START Data extracts

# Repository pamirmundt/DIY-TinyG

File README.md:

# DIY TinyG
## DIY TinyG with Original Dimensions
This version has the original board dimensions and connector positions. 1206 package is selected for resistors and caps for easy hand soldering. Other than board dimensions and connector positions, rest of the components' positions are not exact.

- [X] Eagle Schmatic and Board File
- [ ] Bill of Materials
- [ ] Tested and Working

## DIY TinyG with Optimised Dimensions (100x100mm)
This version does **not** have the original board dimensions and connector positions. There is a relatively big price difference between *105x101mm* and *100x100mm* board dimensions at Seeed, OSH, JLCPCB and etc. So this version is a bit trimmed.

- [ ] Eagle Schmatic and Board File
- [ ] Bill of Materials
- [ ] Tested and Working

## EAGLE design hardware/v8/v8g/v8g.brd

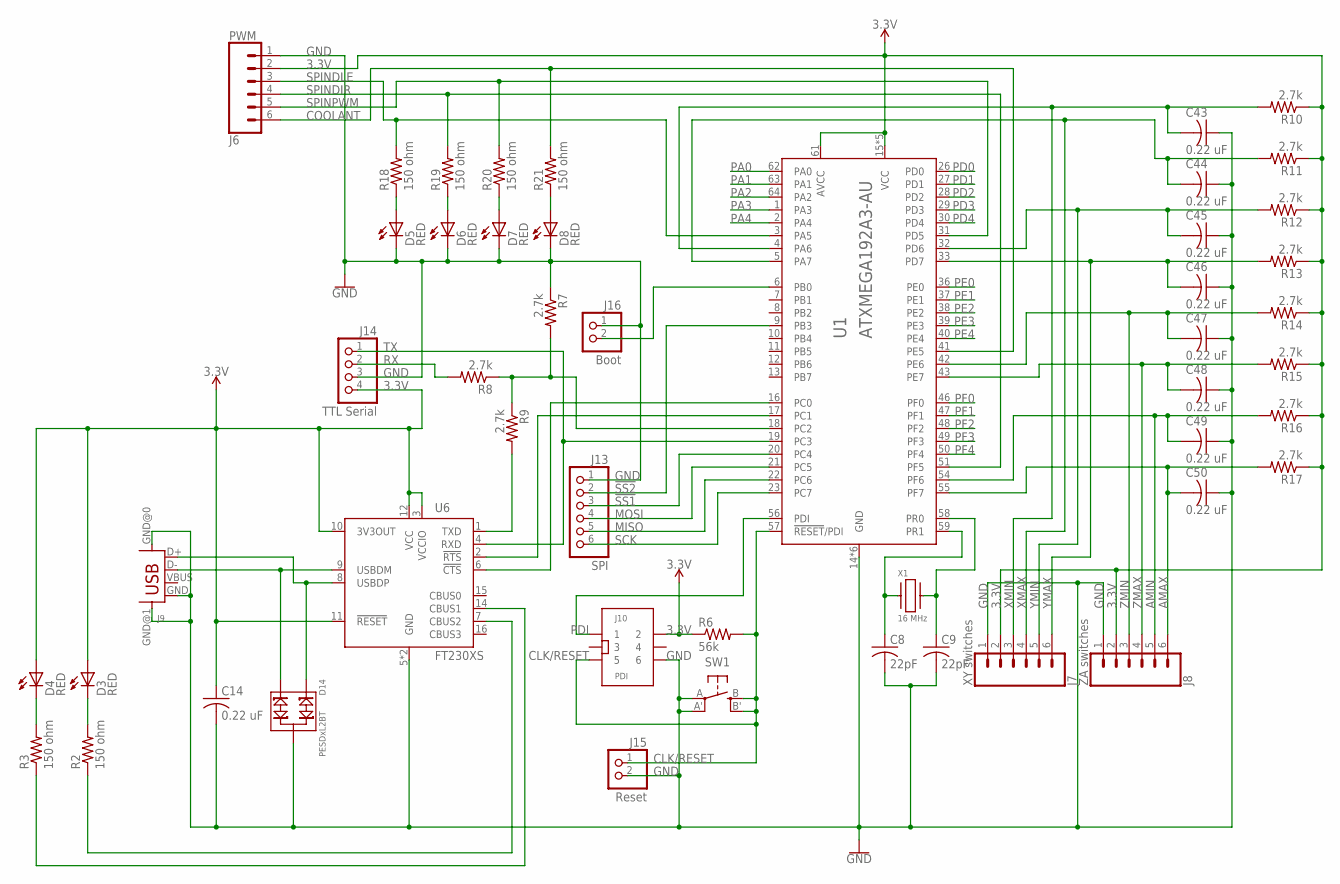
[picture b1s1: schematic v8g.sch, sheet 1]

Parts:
C8, C9: 22pF; C1206
C14, C43, C44, C45, C46, C47, C48, C49, C50: 0.22 uF; C1206
D3, D4, D5, D6, D7, D8: RED; CHIPLED_1206
D14: PESDxL2BT; SOT23
J6: PWM; SCREWTERMINAL-3.5MM-6
J7: XY switches; SCREWTERMINAL-3.5MM-6
J8: ZA switches; SCREWTERMINAL-3.5MM-6
J9: USB; USB-B-H
J10: PDI; IDC-6-PIN-61200621621
J13: SPI; 1X06
J14: TTL Serial; 1X04
J15: Reset; 1X02
J16: Boot; 1X02
R2, R3, R18, R19, R20, R21: 150 ohm; M1206
R6: 56k; M1206
R7, R8, R9, R10, R11, R12, R13, R14, R15, R16, R17: 2.7k; M1206
SW1: SPST_TACT-EVQQ2; EVQ-Q2
U1: ATXMEGA192A3-AU; TQFP-64A-64
U6: FT230XS; SSOP16
X1: 16 MHz; C4ST-SMD

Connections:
3.3V: C14.1, D3.A, D4.A, J6.2, J7.2, J8.2, J10.2, J14.4, R6.1, R10.1, R11.1, R12.1, R13.1, R14.1, R15.1, R16.1, R17.1, U1.15 (VCC), U1.25 (VCC), U1.35 (VCC), U1.45 (VCC), U1.53 (VCC), U1.61 (AVCC), U6.3 (VCCIO), U6.10 (3V3OUT), U6.11 (!RESET), U6.12 (VCC); also elsewhere on the board
!SS1: J13.3, U1.20 (PC4)
!SS2: J13.2, U1.9 (PB3)
AMAX: C50.2, J8.6, R17.2, U1.55 (PF7)
AMIN: C49.2, J8.5, R16.2, U1.54 (PF6)
CLK/RESET: J10.5, J15.1, R6.2, SW1.B (S), SW1.B' (S1), U1.57 (!RESET!/PDI)
COOLANT: J6.6, R21.2, U1.41 (PE5)
GND: C8.2, C9.2, C14.2, C43.1, C44.1, C45.1, C46.1, C47.1, C48.1, C49.1, C50.1, D5.C, D6.C, D7.C, D8.C, D14.3, J6.1, J7.1, J8.1, J9.GND, J9.GND@0 (GND), J9.GND@1 (GND), J10.6, J13.1, J14.3, J15.2, J16.1, R7.1, SW1.A, SW1.A' (P1), U1.14 (GND), U1.24 (GND), U1.34 (GND), U1.44 (GND), U1.52 (GND), U1.60 (GND), U6.5 (GND), U6.13 (GND); also elsewhere on the board
MISO: J13.5, U1.22 (PC6)
MOSI: J13.4, U1.21 (PC5)
unnamed: R9.2, U6.1 (TXD)
unnamed: D14.2, J9.D-, U6.9 (USBDM)
unnamed: R3.1, U6.14 (CBUS1)
unnamed: J16.2, U1.6 (PB0)
unnamed: D5.A, R18.1
unnamed: D6.A, R19.1
unnamed: D7.A, R20.1
unnamed: D8.A, R21.1
unnamed: R2.1, U6.7 (CBUS2)
unnamed: U1.16 (PC0), U6.6 (!CTS)
unnamed: U1.17 (PC1), U6.2 (!RTS)
unnamed: R7.2, R8.1, R9.1, U1.18 (PC2)
unnamed: D14.1, J9.D+, U6.8 (USBDP)
unnamed: D3.C, R2.2
unnamed: D4.C, R3.2
unnamed: C8.1, U1.59 (PR1), X1.1
unnamed: C9.1, U1.58 (PR0), X1.2
PA0: U1.62 (PA0); also elsewhere on the board
PA1: U1.63 (PA1); also elsewhere on the board
PA2: U1.64 (PA2); also elsewhere on the board
PA3: U1.1 (PA3); also elsewhere on the board
PA4: U1.2 (PA4); also elsewhere on the board
PD0: U1.26 (PD0); also elsewhere on the board
PD1: U1.27 (PD1); also elsewhere on the board
PD2: U1.28 (PD2); also elsewhere on the board
PD3: U1.29 (PD3); also elsewhere on the board
PD4: U1.30 (PD4); also elsewhere on the board
PDI: J10.1, U1.56 (PDI)
PE0: U1.36 (PE0); also elsewhere on the board
PE1: U1.37 (PE1); also elsewhere on the board
PE2: U1.38 (PE2); also elsewhere on the board
PE3: U1.39 (PE3); also elsewhere on the board
PE4: U1.40 (PE4); also elsewhere on the board
PF0: U1.46 (PF0); also elsewhere on the board
PF1: U1.47 (PF1); also elsewhere on the board
PF2: U1.48 (PF2); also elsewhere on the board
PF3: U1.49 (PF3); also elsewhere on the board
PF4: U1.50 (PF4); also elsewhere on the board
RX: J14.2, R8.2
SCK: J13.6, U1.23 (PC7)
SPINDIR: J6.4, R19.2, U1.51 (PF5)
SPINDLE: J6.3, R18.2, U1.3 (PA5)
SPINPWM: J6.5, R20.2, U1.31 (PD5)
TX: J14.1, U1.19 (PC3), U6.4 (RXD)
XMAX: C44.2, J7.4, R11.2, U1.5 (PA7)
XMIN: C43.2, J7.3, R10.2, U1.4 (PA6)
YMAX: C46.2, J7.6, R13.2, U1.33 (PD7)
YMIN: C45.2, J7.5, R12.2, U1.32 (PD6)
ZMAX: C48.2, J8.4, R15.2, U1.43 (PE7)
ZMIN: C47.2, J8.3, R14.2, U1.42 (PE6)

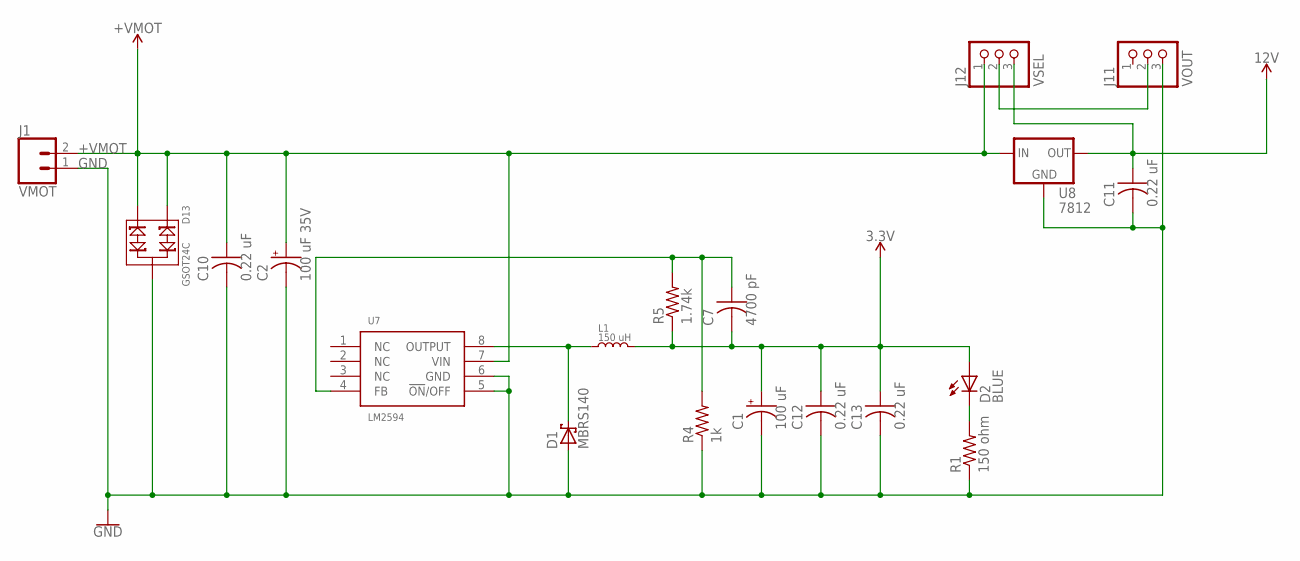
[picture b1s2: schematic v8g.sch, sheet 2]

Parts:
C1: 100 uF; WCAP-ASLI
C2: 100 uF 35V; WCAP-ASLI
C7: 4700 pF; C1206
C10, C11, C12, C13: 0.22 uF; C1206
D1: MBRS140; DO-214AA
D2: BLUE; CHIPLED_1206
D13: GSOT24C; SOT23
J1: VMOT; SCREWTERMINAL-5MM-2
J11: VOUT; 1X03
J12: VSEL; 1X03
L1: 150 uH; SDE0805A
R1: 150 ohm; R1206
R4: 1k; R1206
R5: 1.74k; R1206
U7: LM2594; SOIC-8_NB
U8: 7812; D2PAK

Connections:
3.3V: C1.+, C7.2, C12.1, C13.1, D2.A, L1.2, R5.1; also elsewhere on the board
12V: C11.1, J12.3, U8.3 (OUT)
+VMOT: C2.+, C10.1, D13.1, D13.2, J1.2, J12.1, U7.7 (VIN), U8.1 (IN); also elsewhere on the board
GND: C1.-, C2.-, C10.2, C11.2, C12.2, C13.2, D1.A, D13.3, J1.1, J11.3, R1.1, R4.1, U7.5 (!ON!/OFF), U7.6 (GND), U8.2 (GND); also elsewhere on the board
unnamed: D2.C, R1.2
unnamed: J11.2, J12.2
unnamed: D1.C, L1.1, U7.8 (OUTPUT)
unnamed: C7.1, R4.2, R5.2, U7.4 (FB)

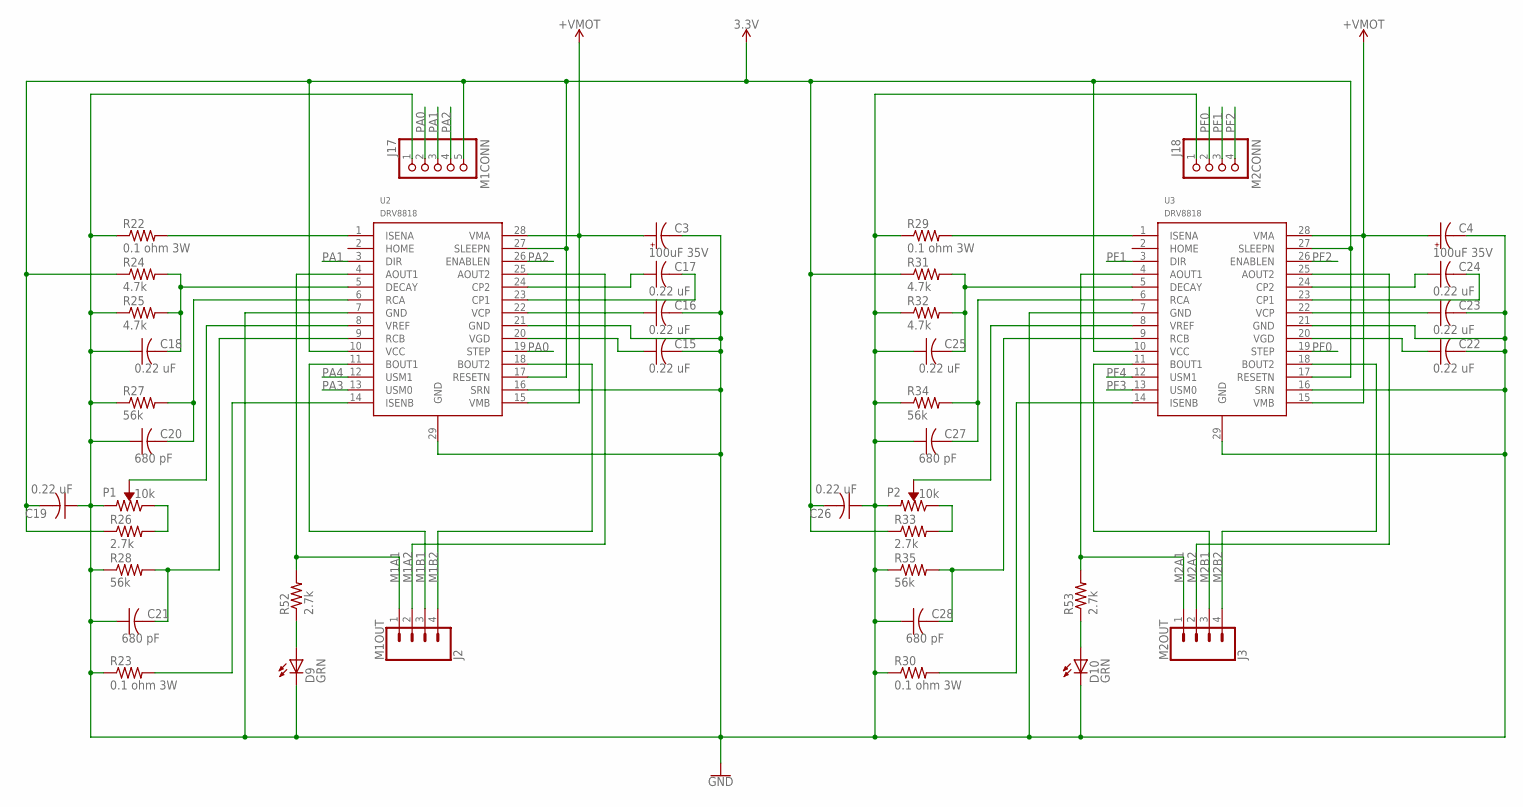
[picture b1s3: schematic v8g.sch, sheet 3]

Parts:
C3, C4: 100uF 35V; WCAP-ASLI
C15, C16, C17, C18, C19, C22, C23, C24, C25, C26: 0.22 uF; C1206
C20, C21, C27, C28: 680 pF; C1206
D9, D10: GRN; CHIPLED_1206
J2: M1OUT; SCREWTERMINAL-3.5MM-4
J3: M2OUT; SCREWTERMINAL-3.5MM-4
J17: M1CONN; 1X05
J18: M2CONN; 1X04
P1, P2: 10k; BOURNS_3361P
R22, R23, R29, R30: 0.1 ohm 3W; R2512
R24, R25, R31, R32: 4.7k; R1206
R26, R33: 2.7k; R1206
R27, R28, R34, R35: 56k; R1206
R52, R53: 2.7k; 0207/7
U2, U3: DRV8818; HTSSOP_28-PIN

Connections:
3.3V: C19.2, C26.2, J17.5, R24.1, R26.1, R31.1, R33.1, U2.10 (VCC), U2.17 (RESETN), U2.27 (SLEEPN), U3.10 (VCC), U3.17 (RESETN), U3.27 (SLEEPN); also elsewhere on the board
+VMOT: C3.+, C4.+, U2.15 (VMB), U2.28 (VMA), U3.15 (VMB), U3.28 (VMA); also elsewhere on the board
GND: C3.-, C4.-, C15.2, C16.2, C18.1, C19.1, C20.1, C21.1, C22.2, C23.2, C25.1, C26.1, C27.1, C28.1, D9.C, D10.C, J17.1, J18.1, P1.1, P2.1, R22.1, R23.1, R25.1, R27.1, R28.1, R29.1, R30.1, R32.1, R34.1, R35.1, U2.7 (GND), U2.16 (SRN), U2.21 (GND), U2.29 (GND), U3.7 (GND), U3.16 (SRN), U3.21 (GND), U3.29 (GND); also elsewhere on the board
M1A1: J2.1, R52.2, U2.4 (AOUT1)
M1A2: J2.2, U2.25 (AOUT2)
M1B1: J2.3, U2.11 (BOUT1)
M1B2: J2.4, U2.18 (BOUT2)
M2A1: J3.1, R53.2, U3.4 (AOUT1)
M2A2: J3.2, U3.25 (AOUT2)
M2B1: J3.3, U3.11 (BOUT1)
M2B2: J3.4, U3.18 (BOUT2)
unnamed: D9.A, R52.1
unnamed: R22.2, U2.1 (ISENA)
unnamed: P1.2, U2.8 (VREF)
unnamed: C17.1, U2.24 (CP2)
unnamed: P1.3, R26.2
unnamed: C17.2, U2.23 (CP1)
unnamed: C18.2, R24.2, R25.2, U2.5 (DECAY)
unnamed: C20.2, R27.2, U2.6 (RCA)
unnamed: C21.2, R28.2, U2.9 (RCB)
unnamed: R23.2, U2.14 (ISENB)
unnamed: C16.1, U2.22 (VCP)
unnamed: C15.1, U2.20 (VGD)
unnamed: R29.2, U3.1 (ISENA)
unnamed: C25.2, R31.2, R32.2, U3.5 (DECAY)
unnamed: C27.2, R34.2, U3.6 (RCA)
unnamed: P2.2, U3.8 (VREF)
unnamed: P2.3, R33.2
unnamed: C28.2, R35.2, U3.9 (RCB)
unnamed: R30.2, U3.14 (ISENB)
unnamed: D10.A, R53.1
unnamed: C24.2, U3.23 (CP1)
unnamed: C23.1, U3.22 (VCP)
unnamed: C22.1, U3.20 (VGD)
unnamed: C24.1, U3.24 (CP2)
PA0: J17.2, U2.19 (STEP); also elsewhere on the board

END Data extracts

What is being asked.
In the listing above, find the line that contains "M2B1: J3.3, U3.11 (BOUT1)". Write it out exactly, along with each line after it up to and including the last.

Output.
M2B1: J3.3, U3.11 (BOUT1)
M2B2: J3.4, U3.18 (BOUT2)
unnamed: D9.A, R52.1
unnamed: R22.2, U2.1 (ISENA)
unnamed: P1.2, U2.8 (VREF)
unnamed: C17.1, U2.24 (CP2)
unnamed: P1.3, R26.2
unnamed: C17.2, U2.23 (CP1)
unnamed: C18.2, R24.2, R25.2, U2.5 (DECAY)
unnamed: C20.2, R27.2, U2.6 (RCA)
unnamed: C21.2, R28.2, U2.9 (RCB)
unnamed: R23.2, U2.14 (ISENB)
unnamed: C16.1, U2.22 (VCP)
unnamed: C15.1, U2.20 (VGD)
unnamed: R29.2, U3.1 (ISENA)
unnamed: C25.2, R31.2, R32.2, U3.5 (DECAY)
unnamed: C27.2, R34.2, U3.6 (RCA)
unnamed: P2.2, U3.8 (VREF)
unnamed: P2.3, R33.2
unnamed: C28.2, R35.2, U3.9 (RCB)
unnamed: R30.2, U3.14 (ISENB)
unnamed: D10.A, R53.1
unnamed: C24.2, U3.23 (CP1)
unnamed: C23.1, U3.22 (VCP)
unnamed: C22.1, U3.20 (VGD)
unnamed: C24.1, U3.24 (CP2)
PA0: J17.2, U2.19 (STEP); also elsewhere on the board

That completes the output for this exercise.